## What this task involves
Give again, word for word, each line below starting at the one that contains "mat_material_002.diffuse_color = (0.2019, 0.2019, 0.2019, 1.0)" and ending at the one that contains "me_cube = bpy.data.meshes.new('Cube')".

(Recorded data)
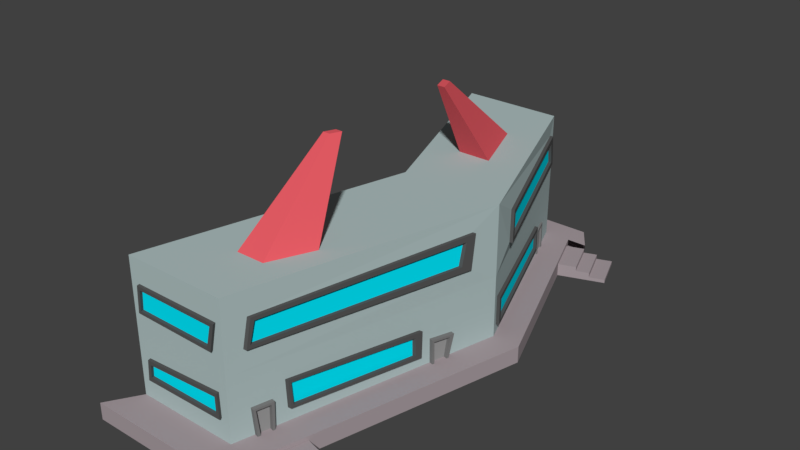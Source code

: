 # Source: centrocomercial.blend  (saved by Blender 2.79.0; exported with 4.5.12 LTS)
import bpy
from mathutils import Matrix  # noqa: F401  (used for matrix-valued properties, if any)

bpy.ops.wm.read_factory_settings(use_empty=True)
scene = bpy.context.scene
scene.name = 'Scene'

# ---- collections
col_collection_1 = bpy.data.collections.new('Collection 1'); scene.collection.children.link(col_collection_1)

# ---- materials (node trees are filled in below, after node groups)
mat_material = bpy.data.materials.new('Material')
mat_material.alpha_threshold = 0.0
mat_material.use_transparent_shadow = False
mat_material.diffuse_color = (0.4326, 0.5382, 0.5382, 1.0)
mat_material.roughness = 0.5
mat_material.line_color = (0.0, 0.0, 0.0, 1.0)
mat_material_001 = bpy.data.materials.new('Material.001')
mat_material_001.alpha_threshold = 0.0
mat_material_001.use_transparent_shadow = False
mat_material_001.diffuse_color = (0.09463, 0.09463, 0.09463, 1.0)
mat_material_001.roughness = 0.5
mat_material_001.line_color = (0.0, 0.0, 0.0, 1.0)
mat_material_002 = bpy.data.materials.new('Material.002')
mat_material_002.alpha_threshold = 0.0
mat_material_002.use_transparent_shadow = False
mat_material_002.diffuse_color = (0.2019, 0.2019, 0.2019, 1.0)
mat_material_002.roughness = 0.5
mat_material_002.line_color = (0.0, 0.0, 0.0, 1.0)
mat_material_003 = bpy.data.materials.new('Material.003')
mat_material_003.alpha_threshold = 0.0
mat_material_003.use_transparent_shadow = False
mat_material_003.diffuse_color = (0.0, 0.8208, 1.0, 1.0)
mat_material_003.roughness = 0.5
mat_material_003.line_color = (0.0, 0.0, 0.0, 1.0)
mat_material_004 = bpy.data.materials.new('Material.004')
mat_material_004.alpha_threshold = 0.0
mat_material_004.use_transparent_shadow = False
mat_material_004.diffuse_color = (0.3185, 0.3185, 0.3185, 1.0)
mat_material_004.roughness = 0.5
mat_material_004.line_color = (0.0, 0.0, 0.0, 1.0)
mat_material_005 = bpy.data.materials.new('Material.005')
mat_material_005.alpha_threshold = 0.0
mat_material_005.use_transparent_shadow = False
mat_material_005.diffuse_color = (0.8, 0.1074, 0.1301, 1.0)
mat_material_005.roughness = 0.5
mat_material_005.line_color = (0.0, 0.0, 0.0, 1.0)
mat_material_006 = bpy.data.materials.new('Material.006')
mat_material_006.alpha_threshold = 0.0
mat_material_006.use_transparent_shadow = False
mat_material_006.diffuse_color = (0.3931, 0.3335, 0.3545, 1.0)
mat_material_006.roughness = 0.5
mat_material_006.line_color = (0.0, 0.0, 0.0, 1.0)

# ---- material node trees

# ---- world
world_world = bpy.data.worlds.new('World'); scene.world = world_world
world_world.color = (0.05088, 0.05088, 0.05088)
world_world.use_sun_shadow = False
world_world.sun_shadow_jitter_overblur = 0.0
world_world.cycles.sampling_method = 'MANUAL'

# ---- meshes
me_cube = bpy.data.meshes.new('Cube')
me_cube.from_pydata([(-1.448, 8.929, -1.0), (1.0, 2.352, -1.0), (-4.812, 8.929, -1.0), (-1.448, 8.929, 1.0), (1.0, 2.352, 1.0), (-4.812, 8.929, 1.0), (-1.17, -6.022, -1.0), (-4.534, -6.022, -1.0), (-1.17, -6.022, 1.0), (-4.534, -6.022, 1.0), (-1.448, 8.929, 3.302), (1.0, 2.352, 3.302), (-4.812, 8.929, 3.302), (-2.363, 2.352, 3.302), (-1.17, -6.022, 3.302), (-4.534, -6.022, 3.302), (-1.0, -2.766, 3.302), (-1.932, -2.766, 3.302), (-1.602, -4.157, 3.302), (-2.533, -4.157, 3.302), (-1.758, 6.701, 3.302), (-0.9687, 4.58, 3.302), (-2.843, 6.701, 3.302), (-2.053, 4.58, 3.302), (-1.079, 7.938, -1.0), (-0.8585, 7.345, -1.0), (-0.8451, 7.309, -0.1042), (-1.064, 7.898, -0.08623), (-0.8628, -4.835, -1.0), (-0.9946, -5.344, -1.0), (-1.013, -5.415, -0.1255), (-0.8568, -4.812, -0.1209), (0.5552, 0.6362, -1.0), (0.4102, 0.07665, -1.0), (0.408, 0.06799, -0.1988), (0.6011, 0.8134, -0.2515), (-3.584, 8.929, -1.0), (-4.09, 8.929, -1.0), (-3.603, 8.929, -0.1694), (-4.078, 8.929, -0.1667), (0.9241, 2.556, 0.2341), (0.9254, 2.553, -0.7173), (-0.7527, 7.061, -0.6716), (-0.7451, 7.04, 0.2059), (-0.7459, -4.384, -0.5744), (-0.7551, -4.42, 0.3217), (0.3173, -0.2817, 0.2108), (0.3115, -0.3041, -0.6516), (-1.71, 8.929, 0.203), (-1.71, 8.929, -0.5252), (-3.397, 8.929, -0.5735), (-3.438, 8.929, 0.1361), (-4.144, -6.022, 0.3322), (-4.196, -6.022, -0.3295), (-1.435, -6.022, -0.2984), (-1.46, -6.022, 0.4811), (-0.9928, -5.337, 2.544), (-1.034, -5.494, 1.664), (0.751, 1.325, 1.609), (0.7807, 1.44, 2.725), (0.6815, 3.446, 2.633), (0.7555, 3.318, 1.643), (-1.356, 8.682, 1.715), (-1.356, 8.609, 2.729), (-1.628, 8.929, 1.727), (-1.625, 8.929, 2.784), (-4.543, 8.929, 2.75), (-4.484, 8.929, 1.755), (-4.228, -6.022, 2.562), (-4.279, -6.022, 1.724), (-1.543, -6.022, 1.679), (-1.353, -6.022, 2.557)], [], [(3, 5, 12, 66, 67, 64, 65, 10), (0, 3, 4, 1, 41, 40, 43, 42, 25, 26, 27, 24), (3, 0, 49, 48, 51, 5), (6, 8, 9, 7, 53, 52, 55, 54), (1, 4, 46, 47, 44, 45, 8, 6, 29, 30, 31, 28, 33, 34, 35, 32), (13, 11, 21, 23), (15, 14, 18, 19), (8, 57, 56, 59, 11, 14), (4, 3, 62, 61), (9, 69, 68, 71, 14, 15), (11, 13, 17, 16), (13, 15, 19, 17), (14, 11, 16, 18), (11, 10, 20, 21), (12, 13, 23, 22), (10, 12, 22, 20), (25, 42, 41, 1), (8, 45, 46, 4), (5, 51, 50, 49, 0, 36, 38, 39, 37, 2), (54, 53, 7, 6), (11, 59, 58, 57, 8, 4), (60, 63, 62, 3, 10, 11, 4, 61), (10, 65, 66, 12), (14, 71, 70, 69, 9, 8)])
me_cube.materials.append(mat_material)
me_cube.use_remesh_preserve_volume = False
me_cube.use_remesh_preserve_attributes = False
me_cube.use_mirror_vertex_groups = False
me_cube.update()
me_cube_002 = bpy.data.meshes.new('Cube.002')
me_cube_002.from_pydata([(0.9241, 2.556, 0.2341), (0.9254, 2.553, -0.7173), (-0.7527, 7.061, -0.6716), (-0.7451, 7.04, 0.2059), (-0.7459, -4.384, -0.5744), (-0.7551, -4.42, 0.3217), (0.3173, -0.2817, 0.2108), (0.3115, -0.3041, -0.6516), (-1.71, 8.929, 0.203), (-1.71, 8.929, -0.5252), (-3.397, 8.929, -0.5735), (-3.438, 8.929, 0.1361), (-4.144, -6.022, 0.3322), (-4.196, -6.022, -0.3295), (-1.435, -6.022, -0.2984), (-1.46, -6.022, 0.4811), (-0.9928, -5.337, 2.544), (-1.034, -5.494, 1.664), (0.751, 1.325, 1.609), (0.7807, 1.44, 2.725), (0.6815, 3.446, 2.633), (0.7555, 3.318, 1.643), (-1.356, 8.682, 1.715), (-1.356, 8.609, 2.729), (-1.628, 8.929, 1.727), (-1.625, 8.929, 2.784), (-4.543, 8.929, 2.75), (-4.484, 8.929, 1.755), (-4.228, -6.022, 2.562), (-4.279, -6.022, 1.724), (-1.543, -6.022, 1.679), (-1.353, -6.022, 2.557), (-0.9669, -5.238, 2.433), (-1.005, -5.385, 1.774), (0.6643, 0.994, 1.813), (0.6995, 1.129, 2.543), (0.6881, 3.481, 1.764), (0.6343, 3.573, 2.51), (-1.253, 8.36, 2.567), (-1.28, 8.477, 1.876), (-1.794, 8.929, 2.572), (-1.761, 8.929, 1.871), (-4.322, 8.929, 1.919), (-4.357, 8.929, 2.598), (-4.18, -6.022, 1.814), (-4.13, -6.022, 2.459), (-1.499, -6.022, 2.447), (-1.654, -6.022, 1.797), (-4.04, -6.022, 0.2127), (-4.074, -6.022, -0.1967), (-1.539, -6.022, -0.189), (-1.552, -6.022, 0.3564), (-0.7347, -4.341, 0.2284), (-0.7239, -4.299, -0.4911), (0.2592, -0.5058, -0.5372), (0.2575, -0.5124, 0.07507), (0.8735, 2.692, -0.6114), (0.8715, 2.698, 0.1069), (-0.7033, 6.928, 0.09124), (-0.7134, 6.955, -0.5408), (-1.781, 8.929, 0.1013), (-1.794, 8.929, -0.4188), (-3.253, 8.929, -0.4503), (-3.303, 8.929, 0.06708), (1.035, 2.565, 0.2348), (1.036, 2.562, -0.7166), (-0.642, 7.07, -0.6709), (-0.6343, 7.049, 0.2066), (-0.6352, -4.375, -0.5737), (-0.6444, -4.41, 0.3224), (0.428, -0.2725, 0.2115), (0.4222, -0.2949, -0.6509), (-0.8821, -5.327, 2.545), (-0.923, -5.485, 1.665), (0.8617, 1.334, 1.609), (0.8914, 1.449, 2.726), (0.7922, 3.455, 2.634), (0.8662, 3.327, 1.643), (-1.246, 8.691, 1.716), (-1.245, 8.619, 2.73), (-0.8561, -5.228, 2.434), (-0.8943, -5.376, 1.775), (0.775, 1.003, 1.813), (0.8102, 1.139, 2.544), (0.7989, 3.49, 1.765), (0.745, 3.582, 2.511), (-1.142, 8.369, 2.567), (-1.169, 8.486, 1.877), (-0.6239, -4.331, 0.2291), (-0.6132, -4.29, -0.4904), (0.37, -0.4966, -0.5365), (0.3682, -0.5032, 0.07578), (0.9843, 2.701, -0.6106), (0.9822, 2.707, 0.1076), (-0.5925, 6.937, 0.09195), (-0.6027, 6.964, -0.54), (-4.12, -6.121, 0.3322), (-4.173, -6.121, -0.3295), (-1.411, -6.121, -0.2984), (-1.436, -6.121, 0.4811), (-4.204, -6.121, 2.562), (-4.255, -6.121, 1.724), (-1.52, -6.121, 1.679), (-1.33, -6.121, 2.557), (-4.156, -6.121, 1.814), (-4.106, -6.121, 2.459), (-1.475, -6.121, 2.447), (-1.63, -6.121, 1.797), (-4.016, -6.121, 0.2127), (-4.051, -6.121, -0.1967), (-1.515, -6.121, -0.189), (-1.529, -6.121, 0.3564), (-1.71, 9.033, 0.203), (-1.71, 9.033, -0.5252), (-3.397, 9.033, -0.5735), (-3.438, 9.033, 0.1361), (-1.628, 9.033, 1.727), (-1.625, 9.033, 2.784), (-4.543, 9.033, 2.75), (-4.484, 9.033, 1.755), (-1.794, 9.033, 2.572), (-1.761, 9.033, 1.871), (-4.322, 9.033, 1.919), (-4.357, 9.033, 2.598), (-1.781, 9.033, 0.1013), (-1.794, 9.033, -0.4188), (-3.253, 9.033, -0.4503), (-3.303, 9.033, 0.06708)], [], [(6, 5, 69, 70), (59, 56, 92, 95), (42, 41, 121, 122), (12, 13, 97, 96), (23, 20, 76, 79), (5, 4, 68, 69), (61, 60, 124, 125), (47, 44, 104, 107), (58, 59, 95, 94), (22, 23, 79, 78), (27, 26, 118, 119), (46, 47, 107, 106), (66, 67, 64, 65, 92, 93, 94, 95), (48, 51, 111, 108), (57, 58, 94, 93), (21, 22, 78, 77), (41, 40, 120, 121), (69, 88, 91, 90, 71, 70), (74, 75, 83, 82, 81, 73), (77, 78, 87, 84), (73, 81, 80, 83, 75, 72), (85, 86, 87, 78, 79, 76, 77, 84), (71, 90, 89, 88, 69, 68), (95, 92, 65, 66), (33, 32, 80, 81), (7, 6, 70, 71), (34, 33, 81, 82), (4, 7, 71, 68), (35, 34, 82, 83), (16, 17, 73, 72), (32, 35, 83, 80), (53, 52, 88, 89), (17, 18, 74, 73), (54, 53, 89, 90), (18, 19, 75, 74), (55, 54, 90, 91), (0, 1, 65, 64), (19, 16, 72, 75), (36, 37, 85, 84), (52, 55, 91, 88), (1, 2, 66, 65), (37, 38, 86, 85), (2, 3, 67, 66), (38, 39, 87, 86), (3, 0, 64, 67), (20, 21, 77, 76), (39, 36, 84, 87), (56, 57, 93, 92), (98, 99, 96, 97, 109, 108, 111, 110), (102, 103, 106, 107, 104, 101), (101, 104, 105, 106, 103, 100), (110, 109, 97, 98), (13, 14, 98, 97), (28, 29, 101, 100), (14, 15, 99, 98), (49, 48, 108, 109), (29, 30, 102, 101), (15, 12, 96, 99), (50, 49, 109, 110), (44, 45, 105, 104), (30, 31, 103, 102), (51, 50, 110, 111), (45, 46, 106, 105), (31, 28, 100, 103), (114, 115, 127, 126, 125, 124, 112, 113), (117, 116, 121, 120, 123, 118), (118, 123, 122, 121, 116, 119), (112, 124, 127, 115), (24, 27, 119, 116), (62, 61, 125, 126), (43, 42, 122, 123), (63, 62, 126, 127), (40, 43, 123, 120), (60, 63, 127, 124), (8, 9, 113, 112), (9, 10, 114, 113), (25, 24, 116, 117), (10, 11, 115, 114), (26, 25, 117, 118), (11, 8, 112, 115)])
me_cube_002.materials.append(mat_material_001)
me_cube_002.use_remesh_preserve_volume = False
me_cube_002.use_remesh_preserve_attributes = False
me_cube_002.use_mirror_vertex_groups = False
me_cube_002.update()
me_cube_004 = bpy.data.meshes.new('Cube.004')
me_cube_004.from_pydata([(-1.079, 7.938, -1.0), (-0.8585, 7.345, -1.0), (-0.8451, 7.309, -0.1042), (-1.064, 7.898, -0.08623), (-0.8628, -4.835, -1.0), (-0.9946, -5.344, -1.0), (-1.013, -5.415, -0.1255), (-0.8568, -4.812, -0.1209), (0.5552, 0.6362, -1.0), (0.4102, 0.07665, -1.0), (0.408, 0.06799, -0.1988), (0.6011, 0.8134, -0.2515), (-3.584, 8.929, -1.0), (-4.09, 8.929, -1.0), (-3.603, 8.929, -0.1694), (-4.078, 8.929, -0.1667), (-1.04, 7.833, -1.0), (-0.8805, 7.404, -1.0), (-0.8693, 7.374, -0.1852), (-1.036, 7.82, -0.1797), (0.5374, 0.5676, -1.0), (0.428, 0.1455, -1.0), (0.4258, 0.1367, -0.2819), (0.5659, 0.6775, -0.3196), (-0.8827, -4.912, -1.0), (-0.9718, -5.256, -1.0), (-0.9942, -5.342, -0.1913), (-0.8793, -4.899, -0.1947), (-3.654, 8.929, -1.0), (-4.004, 8.929, -1.0), (-3.668, 8.929, -0.2296), (-4.006, 8.929, -0.2335), (-0.8259, 7.424, -1.0), (-0.8039, 7.365, -1.0), (-0.7905, 7.329, -0.1042), (-1.01, 7.918, -0.08623), (-1.025, 7.958, -1.0), (-0.9859, 7.854, -1.0), (-0.8147, 7.394, -0.1852), (-0.981, 7.841, -0.1797), (-4.004, 9.015, -1.0), (-4.09, 9.015, -1.0), (-3.584, 9.015, -1.0), (-3.603, 9.015, -0.1694), (-4.078, 9.015, -0.1667), (-3.654, 9.015, -1.0), (-3.668, 9.015, -0.2296), (-4.006, 9.015, -0.2335), (-0.8442, -5.289, -1.0), (-0.867, -5.377, -1.0), (-0.8856, -5.449, -0.1255), (-0.7292, -4.845, -0.1209), (-0.7352, -4.868, -1.0), (0.5556, 0.1124, -1.0), (0.5378, 0.04358, -1.0), (0.5356, 0.03492, -0.1988), (0.7288, 0.7803, -0.2515), (0.6828, 0.6031, -1.0), (0.665, 0.5345, -1.0), (0.5534, 0.1036, -0.2819), (0.6935, 0.6444, -0.3196), (-0.7551, -4.945, -1.0), (-0.8666, -5.375, -0.1913), (-0.7517, -4.932, -0.1947)], [], [(16, 0, 36, 37), (21, 22, 59, 53), (5, 25, 48, 49), (15, 14, 43, 44), (36, 35, 34, 33, 32, 38, 39, 37), (18, 19, 39, 38), (3, 2, 34, 35), (1, 17, 32, 33), (19, 16, 37, 39), (0, 3, 35, 36), (17, 18, 38, 32), (2, 1, 33, 34), (41, 44, 43, 42, 45, 46, 47, 40), (29, 13, 41, 40), (31, 29, 40, 47), (28, 30, 46, 45), (12, 28, 45, 42), (13, 15, 44, 41), (14, 12, 42, 43), (30, 31, 47, 46), (52, 51, 50, 49, 48, 62, 63, 61), (57, 56, 55, 54, 53, 59, 60, 58), (8, 11, 56, 57), (6, 5, 49, 50), (22, 23, 60, 59), (7, 6, 50, 51), (23, 20, 58, 60), (24, 4, 52, 61), (4, 7, 51, 52), (25, 26, 62, 48), (9, 21, 53, 54), (20, 8, 57, 58), (26, 27, 63, 62), (10, 9, 54, 55), (27, 24, 61, 63), (11, 10, 55, 56)])
me_cube_004.materials.append(mat_material_002)
me_cube_004.use_remesh_preserve_volume = False
me_cube_004.use_remesh_preserve_attributes = False
me_cube_004.use_mirror_vertex_groups = False
me_cube_004.update()
me_cube_006 = bpy.data.meshes.new('Cube.006')
me_cube_006.from_pydata([(-0.9669, -5.238, 2.433), (-1.005, -5.385, 1.774), (0.6643, 0.994, 1.813), (0.6995, 1.129, 2.543), (0.6881, 3.481, 1.764), (0.6343, 3.573, 2.51), (-1.253, 8.36, 2.567), (-1.28, 8.477, 1.876), (-1.794, 8.929, 2.572), (-1.761, 8.929, 1.871), (-4.322, 8.929, 1.919), (-4.357, 8.929, 2.598), (-4.18, -6.022, 1.814), (-4.13, -6.022, 2.459), (-1.499, -6.022, 2.447), (-1.654, -6.022, 1.797), (-4.04, -6.022, 0.2127), (-4.074, -6.022, -0.1967), (-1.539, -6.022, -0.189), (-1.552, -6.022, 0.3564), (-0.7347, -4.341, 0.2284), (-0.7239, -4.299, -0.4911), (0.2592, -0.5058, -0.5372), (0.2575, -0.5124, 0.07507), (0.8735, 2.692, -0.6114), (0.8715, 2.698, 0.1069), (-0.7033, 6.928, 0.09124), (-0.7134, 6.955, -0.5408), (-1.781, 8.929, 0.1013), (-1.794, 8.929, -0.4188), (-3.253, 8.929, -0.4503), (-3.303, 8.929, 0.06708)], [], [(0, 1, 2, 3), (4, 7, 6, 5), (10, 11, 8, 9), (13, 12, 15, 14), (18, 19, 16, 17), (21, 22, 23, 20), (27, 26, 25, 24), (28, 29, 30, 31)])
me_cube_006.materials.append(mat_material_003)
me_cube_006.use_remesh_preserve_volume = False
me_cube_006.use_remesh_preserve_attributes = False
me_cube_006.use_mirror_vertex_groups = False
me_cube_006.update()
me_cube_008 = bpy.data.meshes.new('Cube.008')
me_cube_008.from_pydata([(-1.04, 7.833, -1.0), (-0.8805, 7.404, -1.0), (-0.8693, 7.374, -0.1852), (-1.036, 7.82, -0.1797), (0.5374, 0.5676, -1.0), (0.428, 0.1455, -1.0), (0.4258, 0.1367, -0.2819), (0.5659, 0.6775, -0.3196), (-0.8827, -4.912, -1.0), (-0.9718, -5.256, -1.0), (-0.9942, -5.342, -0.1913), (-0.8793, -4.899, -0.1947), (-3.654, 8.929, -1.0), (-4.004, 8.929, -1.0), (-3.668, 8.929, -0.2296), (-4.006, 8.929, -0.2335)], [], [(0, 3, 2, 1), (4, 7, 6, 5), (8, 11, 10, 9), (13, 15, 14, 12)])
me_cube_008.materials.append(mat_material_004)
me_cube_008.use_remesh_preserve_volume = False
me_cube_008.use_remesh_preserve_attributes = False
me_cube_008.use_mirror_vertex_groups = False
me_cube_008.update()
me_cube_010 = bpy.data.meshes.new('Cube.010')
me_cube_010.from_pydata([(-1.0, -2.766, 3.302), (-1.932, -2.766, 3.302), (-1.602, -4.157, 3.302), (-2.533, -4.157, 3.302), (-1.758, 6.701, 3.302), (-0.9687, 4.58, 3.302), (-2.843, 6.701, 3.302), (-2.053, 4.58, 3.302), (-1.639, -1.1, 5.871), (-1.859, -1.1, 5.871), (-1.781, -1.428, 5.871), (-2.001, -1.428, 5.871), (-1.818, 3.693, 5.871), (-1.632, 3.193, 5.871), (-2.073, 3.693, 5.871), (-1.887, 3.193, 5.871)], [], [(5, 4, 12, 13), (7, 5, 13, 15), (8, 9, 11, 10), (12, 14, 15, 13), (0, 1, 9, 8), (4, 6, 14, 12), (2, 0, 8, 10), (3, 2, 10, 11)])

## Answer to this problem
mat_material_002.diffuse_color = (0.2019, 0.2019, 0.2019, 1.0)
mat_material_002.roughness = 0.5
mat_material_002.line_color = (0.0, 0.0, 0.0, 1.0)
mat_material_003 = bpy.data.materials.new('Material.003')
mat_material_003.alpha_threshold = 0.0
mat_material_003.use_transparent_shadow = False
mat_material_003.diffuse_color = (0.0, 0.8208, 1.0, 1.0)
mat_material_003.roughness = 0.5
mat_material_003.line_color = (0.0, 0.0, 0.0, 1.0)
mat_material_004 = bpy.data.materials.new('Material.004')
mat_material_004.alpha_threshold = 0.0
mat_material_004.use_transparent_shadow = False
mat_material_004.diffuse_color = (0.3185, 0.3185, 0.3185, 1.0)
mat_material_004.roughness = 0.5
mat_material_004.line_color = (0.0, 0.0, 0.0, 1.0)
mat_material_005 = bpy.data.materials.new('Material.005')
mat_material_005.alpha_threshold = 0.0
mat_material_005.use_transparent_shadow = False
mat_material_005.diffuse_color = (0.8, 0.1074, 0.1301, 1.0)
mat_material_005.roughness = 0.5
mat_material_005.line_color = (0.0, 0.0, 0.0, 1.0)
mat_material_006 = bpy.data.materials.new('Material.006')
mat_material_006.alpha_threshold = 0.0
mat_material_006.use_transparent_shadow = False
mat_material_006.diffuse_color = (0.3931, 0.3335, 0.3545, 1.0)
mat_material_006.roughness = 0.5
mat_material_006.line_color = (0.0, 0.0, 0.0, 1.0)

# ---- material node trees

# ---- world
world_world = bpy.data.worlds.new('World'); scene.world = world_world
world_world.color = (0.05088, 0.05088, 0.05088)
world_world.use_sun_shadow = False
world_world.sun_shadow_jitter_overblur = 0.0
world_world.cycles.sampling_method = 'MANUAL'

# ---- meshes
me_cube = bpy.data.meshes.new('Cube')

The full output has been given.